The more light, the tighter the buds, its that simple.

No tricks or short cuts.

What kind of summers do you have?

eace:


----------



## Syke (Mar 7, 2010)

long. im a california cannabis paitent. thanks for the reply


----------



## jmansweed (Mar 7, 2010)

Want a giant outdoors Syke? Proper feeding, solid water source and endless sun. California is the place for outdoors. Try a DWC outside - you'll never look back.

Tight buds? Try adding later applications of Molasses. It always firms things up in the last few weeks imo.


----------



## nouvellechef (Mar 7, 2010)

PNW can produce some ladies too. Veg for as long as you can indoors. Dig your spot and backfill with a really good adjusted soil.

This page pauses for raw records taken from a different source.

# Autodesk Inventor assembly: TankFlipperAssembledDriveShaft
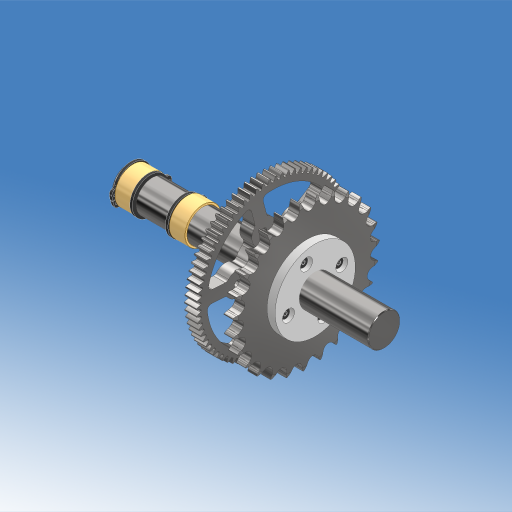
[picture p0: Inventor's stored thumbnail of the model, 512x512]
Saved by Autodesk Inventor 2024 (Build 280153000, 153)
## iProperties
Created: 2024-02-13
Part Number: TankFlipperAssembledDriveShaft
Document SubType Name: Assembly
Designer: seene
Author: seene
## Documents named in this file (9)
- C:\Users\seene\OneDrive\SBRT\Robocup Rescue\Drive\v1\TANK flipper\TankFlipperAssembledDriveShaft - newTrack.iam
- C:\Users\seene\OneDrive\SBRT\Robocup Rescue\Drive\v1\TANK flipper\Drive Shaft.ipt
- C:\Users\seene\OneDrive\SBRT\Robocup Rescue\Drive\v1\TANK flipper\98585A121_Heavy Duty External Retaining Ring v2.ipt
- C:\Users\seene\OneDrive\SBRT\Robocup Rescue\Drive\v1\TANK flipper\2868T199_High-Load Oil-Embedded 863 Sleeve Bearing (1) v2(Mirror).ipt
- C:\Users\seene\OneDrive\SBRT\Robocup Rescue\Drive\v1\TANK flipper\27t track drive sprocket v25.iam
- C:\Users\seene\OneDrive\SBRT\Robocup Rescue\Drive\v1\TANK flipper\Spur Gear (74 teeth).ipt
- C:\Users\seene\OneDrive\SBRT\Robocup Rescue\Drive\v1\TANK flipper\panel_flange.ipt
- C:\Users\seene\OneDrive\SBRT\Robocup Rescue\Drive\v1\TANK flipper\bushing_2868T199.ipt
- C:\Users\seene\OneDrive\SBRT\Robocup Rescue\Drive\v1\TANK flipper\94328A911_Black Oxide Alloy Steel Low-Profile Shoulder Screw v2.ipt
## Components (18 placed, 8 different names)
1. Drive Shaft:1 — Rigid:1, Rigid:2, Rigid:3, Rigid:4, Rigid:5, Rigid:17, Mate:6
2. 98585A121_Heavy Duty External Retaining Ring v2:1 — Rigid:1
3. 2868T199_High-Load Oil-Embedded 863 Sleeve Bearing (1) v2(Mirror):1 — Rigid:2, Rigid:18
4. 27t track drive sprocket v25:1 [sub-assembly] — Rigid:4
5. 98585A121_Heavy Duty External Retaining Ring v2:2 — Rigid:3
6. 98585A121_Heavy Duty External Retaining Ring v2:3 — Rigid:5
7. Spur Gear (74 teeth):1 — Rigid:16
8. panel_flange:1 — Rigid:18
9. panel_flange:2 — Mate:3, Mate:4, Mate:5, Rigid:25
10. bushing_2868T199:1 — Rigid:16, Rigid:26, Mate:6
11. bushing_2868T199:2 — Rigid:26, Rotational:1
12. bushing_2868T199:3 — Rigid:17, Rigid:25
13. 27t track drive sprocket v25:2 [sub-assembly] — Rotational:1
14. 94328A911_Black Oxide Alloy Steel Low-Profile Shoulder Screw v2:1 — Mate:5
15. 94328A911_Black Oxide Alloy Steel Low-Profile Shoulder Screw v2:2
16. 94328A911_Black Oxide Alloy Steel Low-Profile Shoulder Screw v2:3
17. 94328A911_Black Oxide Alloy Steel Low-Profile Shoulder Screw v2:4 — Mate:3, Mate:4
18. 94328A911_Black Oxide Alloy Steel Low-Profile Shoulder Screw v2:5
## Relationships (15: WeldJoint 10, Mate 4, RevoluteJoint 1)
- Rigid:1 [WeldJoint]: Drive Shaft:1 ↔ 98585A121_Heavy Duty External Retaining Ring v2:1
- Rigid:2 [WeldJoint]: Drive Shaft:1 ↔ 2868T199_High-Load Oil-Embedded 863 Sleeve Bearing (1) v2(Mirror):1
- Rigid:3 [WeldJoint]: Drive Shaft:1 ↔ 98585A121_Heavy Duty External Retaining Ring v2:2
- Rigid:4 [WeldJoint]: Drive Shaft:1 ↔ 27t track drive sprocket v25:1
- Rigid:5 [WeldJoint]: Drive Shaft:1 ↔ 98585A121_Heavy Duty External Retaining Ring v2:3
- Rigid:16 [WeldJoint]: Spur Gear (74 teeth):1 ↔ bushing_2868T199:1
- Rigid:17 [WeldJoint]: Drive Shaft:1 ↔ bushing_2868T199:3
- Rigid:18 [WeldJoint]: 2868T199_High-Load Oil-Embedded 863 Sleeve Bearing (1) v2(Mirror):1 ↔ panel_flange:1
- Mate:3: panel_flange:2 ↔ 94328A911_Black Oxide Alloy Steel Low-Profile Shoulder Screw v2:4
- Mate:4: panel_flange:2 ↔ 94328A911_Black Oxide Alloy Steel Low-Profile Shoulder Screw v2:4
- Mate:5: panel_flange:2 ↔ 94328A911_Black Oxide Alloy Steel Low-Profile Shoulder Screw v2:1
- Rigid:25 [WeldJoint]: panel_flange:2 ↔ bushing_2868T199:3
- Rigid:26 [WeldJoint]: bushing_2868T199:1 ↔ bushing_2868T199:2
- Rotational:1 [RevoluteJoint]: bushing_2868T199:2 ↔ 27t track drive sprocket v25:2
- Mate:6: Drive Shaft:1 ↔ bushing_2868T199:1

Give it water of choice and let the mother do work.


----------



## tcbud (Mar 7, 2010)

They pretty much have it covered, good light (all day),  good soil (soil drains well and amended with something like Happy Frog Compost to retain moisture), good nutes (organic or not), consistancey in watering (dont let them get too dry or over water), and the molassas the last few weeks helps too.

I have one more idea for you.  I grow outdoor in containers, also in California.  I have found that the more the plant is indica, the bigger the buds but more airey.  I had some HUGE Afgoo buds last year, tops being about 16 inches around, they dried airey.  I had some NorthernLights and GDP that were hard as rocks when dried.  Then there was everything in between.  It seems tho that the hybrids do better than the more indica dominant type plant like the Afgoo.  I hope this helps, this is just what I have experienced.

Good luck to you and Cheers to a great 2010 OUTDOOR Season!


----------



## dman1234 (Mar 7, 2010)

the sun should do its job, (11,000 lumens/Sq Ft), south west exposure is best, atleast around here, a slight hillside with south western exposure, and then its up to the strain.


----------



## legalize_freedom (Mar 8, 2010)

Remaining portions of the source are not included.